Would you copy all lines in the data that contain the word "LastModifiedBy"?

_ _ _ _ _

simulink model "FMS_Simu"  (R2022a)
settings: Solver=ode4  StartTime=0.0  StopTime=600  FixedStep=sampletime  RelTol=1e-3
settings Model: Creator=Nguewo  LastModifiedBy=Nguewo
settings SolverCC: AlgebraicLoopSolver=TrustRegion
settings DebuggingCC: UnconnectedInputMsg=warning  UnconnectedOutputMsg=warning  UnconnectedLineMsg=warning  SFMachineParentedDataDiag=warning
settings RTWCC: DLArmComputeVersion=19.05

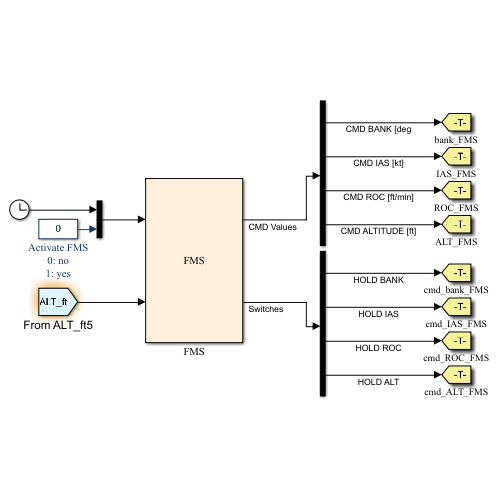
[thumbnail: Simulink's stored preview of the top-level diagram]
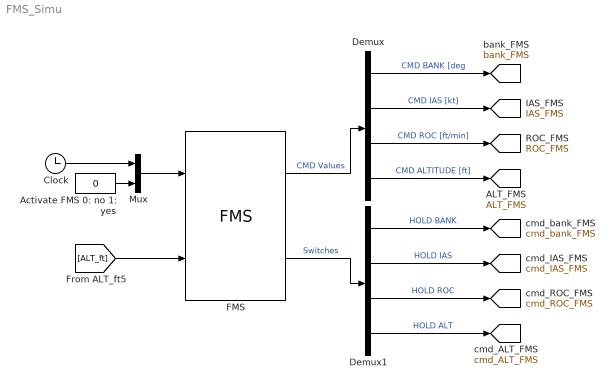
== system FMS_Simu ==
  Activate FMS 0: no 1: yes : Constant  Value=0
  Clock : Clock
  Demux : Demux
  Demux1 : Demux
  FMS : M-S-Function  FunctionName=FMS
  Mux : Mux  Inputs=2
  tag scope: ALT_FMS=global, IAS_FMS=global, ROC_FMS=global, bank_FMS=global, cmd_ALT_FMS=global, cmd_IAS_FMS=global, cmd_ROC_FMS=global, cmd_bank_FMS=global
  wires:
  Clock/1 -> Mux/1
  Activate FMS 0: no 1: yes/1 -> Mux/2
  FMS/1 -> Demux/1  "CMD Values"
  Mux/1 -> FMS/1
  [ALT_ft] -> FMS/2
  FMS/2 -> Demux1/1  "Switches"
  Demux/1 -> [bank_FMS]  "CMD BANK [deg"
  Demux/2 -> [IAS_FMS]  "CMD IAS [kt]"
  Demux/3 -> [ROC_FMS]  "CMD ROC [ft/min]"
  Demux/4 -> [ALT_FMS]  "CMD ALTITUDE [ft]"
  Demux1/1 -> [cmd_bank_FMS]  "HOLD BANK"
  Demux1/2 -> [cmd_IAS_FMS]  "HOLD IAS"
  Demux1/3 -> [cmd_ROC_FMS]  "HOLD ROC"
  Demux1/4 -> [cmd_ALT_FMS]  "HOLD ALT"
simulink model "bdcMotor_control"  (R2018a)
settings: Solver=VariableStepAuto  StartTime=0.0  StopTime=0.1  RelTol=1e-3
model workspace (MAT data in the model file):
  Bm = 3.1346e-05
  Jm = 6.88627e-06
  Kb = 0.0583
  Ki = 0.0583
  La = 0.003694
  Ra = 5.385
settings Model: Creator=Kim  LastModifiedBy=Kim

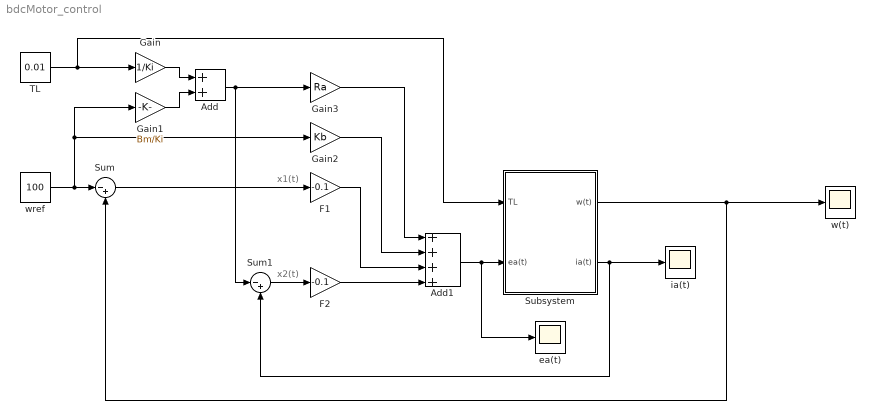
== system bdcMotor_control ==
  note: x1(t)
  note: x2(t)
  Add : Sum
  Add1 : Sum  Inputs=++++
  F1 : Gain  Gain=-0.1
  F2 : Gain  Gain=-0.1
  Gain : Gain  Gain=1/Ki
  Gain1 : Gain  Gain=Bm/Ki
  Gain2 : Gain  Gain=Kb
  Gain3 : Gain  Gain=Ra
  Subsystem : Subsystem
  Sum : Sum  Inputs=|-+
  Sum1 : Sum  Inputs=|-+
  TL : Constant  Value=0.01
  ea(t) : Scope
  ia(t) : Scope
  w(t) : Scope
  wref : Constant  Value=100
  wires:
  wref/1 -> Gain2/1, Gain1/1, Sum/1
  Subsystem/1(w(t)) -> w(t)/1, Sum/2
  Gain/1 -> Add/1
  Gain1/1 -> Add/2
  Add/1 -> Gain3/1, Sum1/1
  Subsystem/2(ia(t)) -> ia(t)/1, Sum1/2
  Sum/1 -> F1/1
  Sum1/1 -> F2/1
  F2/1 -> Add1/4
  F1/1 -> Add1/3
  Gain3/1 -> Add1/1
  Gain2/1 -> Add1/2
  Add1/1 -> ea(t)/1, Subsystem/2(ea(t))
  TL/1 -> Subsystem/1(TL), Gain/1

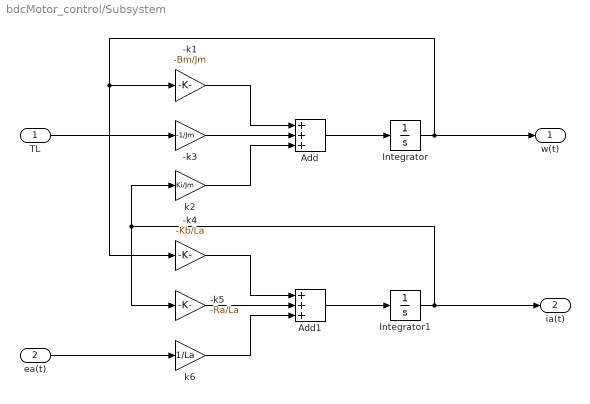
== system bdcMotor_control/Subsystem ==
  TL : Inport
  ea(t) : Inport  Port=2
  -k1 : Gain  Gain=-Bm/Jm
  -k3 : Gain  Gain=-1/Jm
  -k4 : Gain  Gain=-Kb/La
  -k5 : Gain  Gain=-Ra/La
  Add : Sum  Inputs=+++
  Add1 : Sum  Inputs=+++
  Integrator : Integrator
  Integrator1 : Integrator
  k2 : Gain  Gain=Ki/Jm
  k6 : Gain  Gain=1/La
  w(t) : Outport
  ia(t) : Outport  Port=2
  wires:
  -k5/1 -> Add1/2
  -k4/1 -> Add1/1
  -k1/1 -> Add/1
  k6/1 -> Add1/3
  -k3/1 -> Add/2
  Add/1 -> Integrator/1
  Integrator/1 -> w(t)/1, -k4/1, -k1/1
  Add1/1 -> Integrator1/1
  Integrator1/1 -> ia(t)/1, -k5/1, k2/1
  ea(t)/1 -> k6/1
  k2/1 -> Add/3
  TL/1 -> -k3/1

_ _ _ _ _

**WRITTEN ANSWER**
settings Model: Creator=Nguewo  LastModifiedBy=Nguewo
settings Model: Creator=Kim  LastModifiedBy=Kim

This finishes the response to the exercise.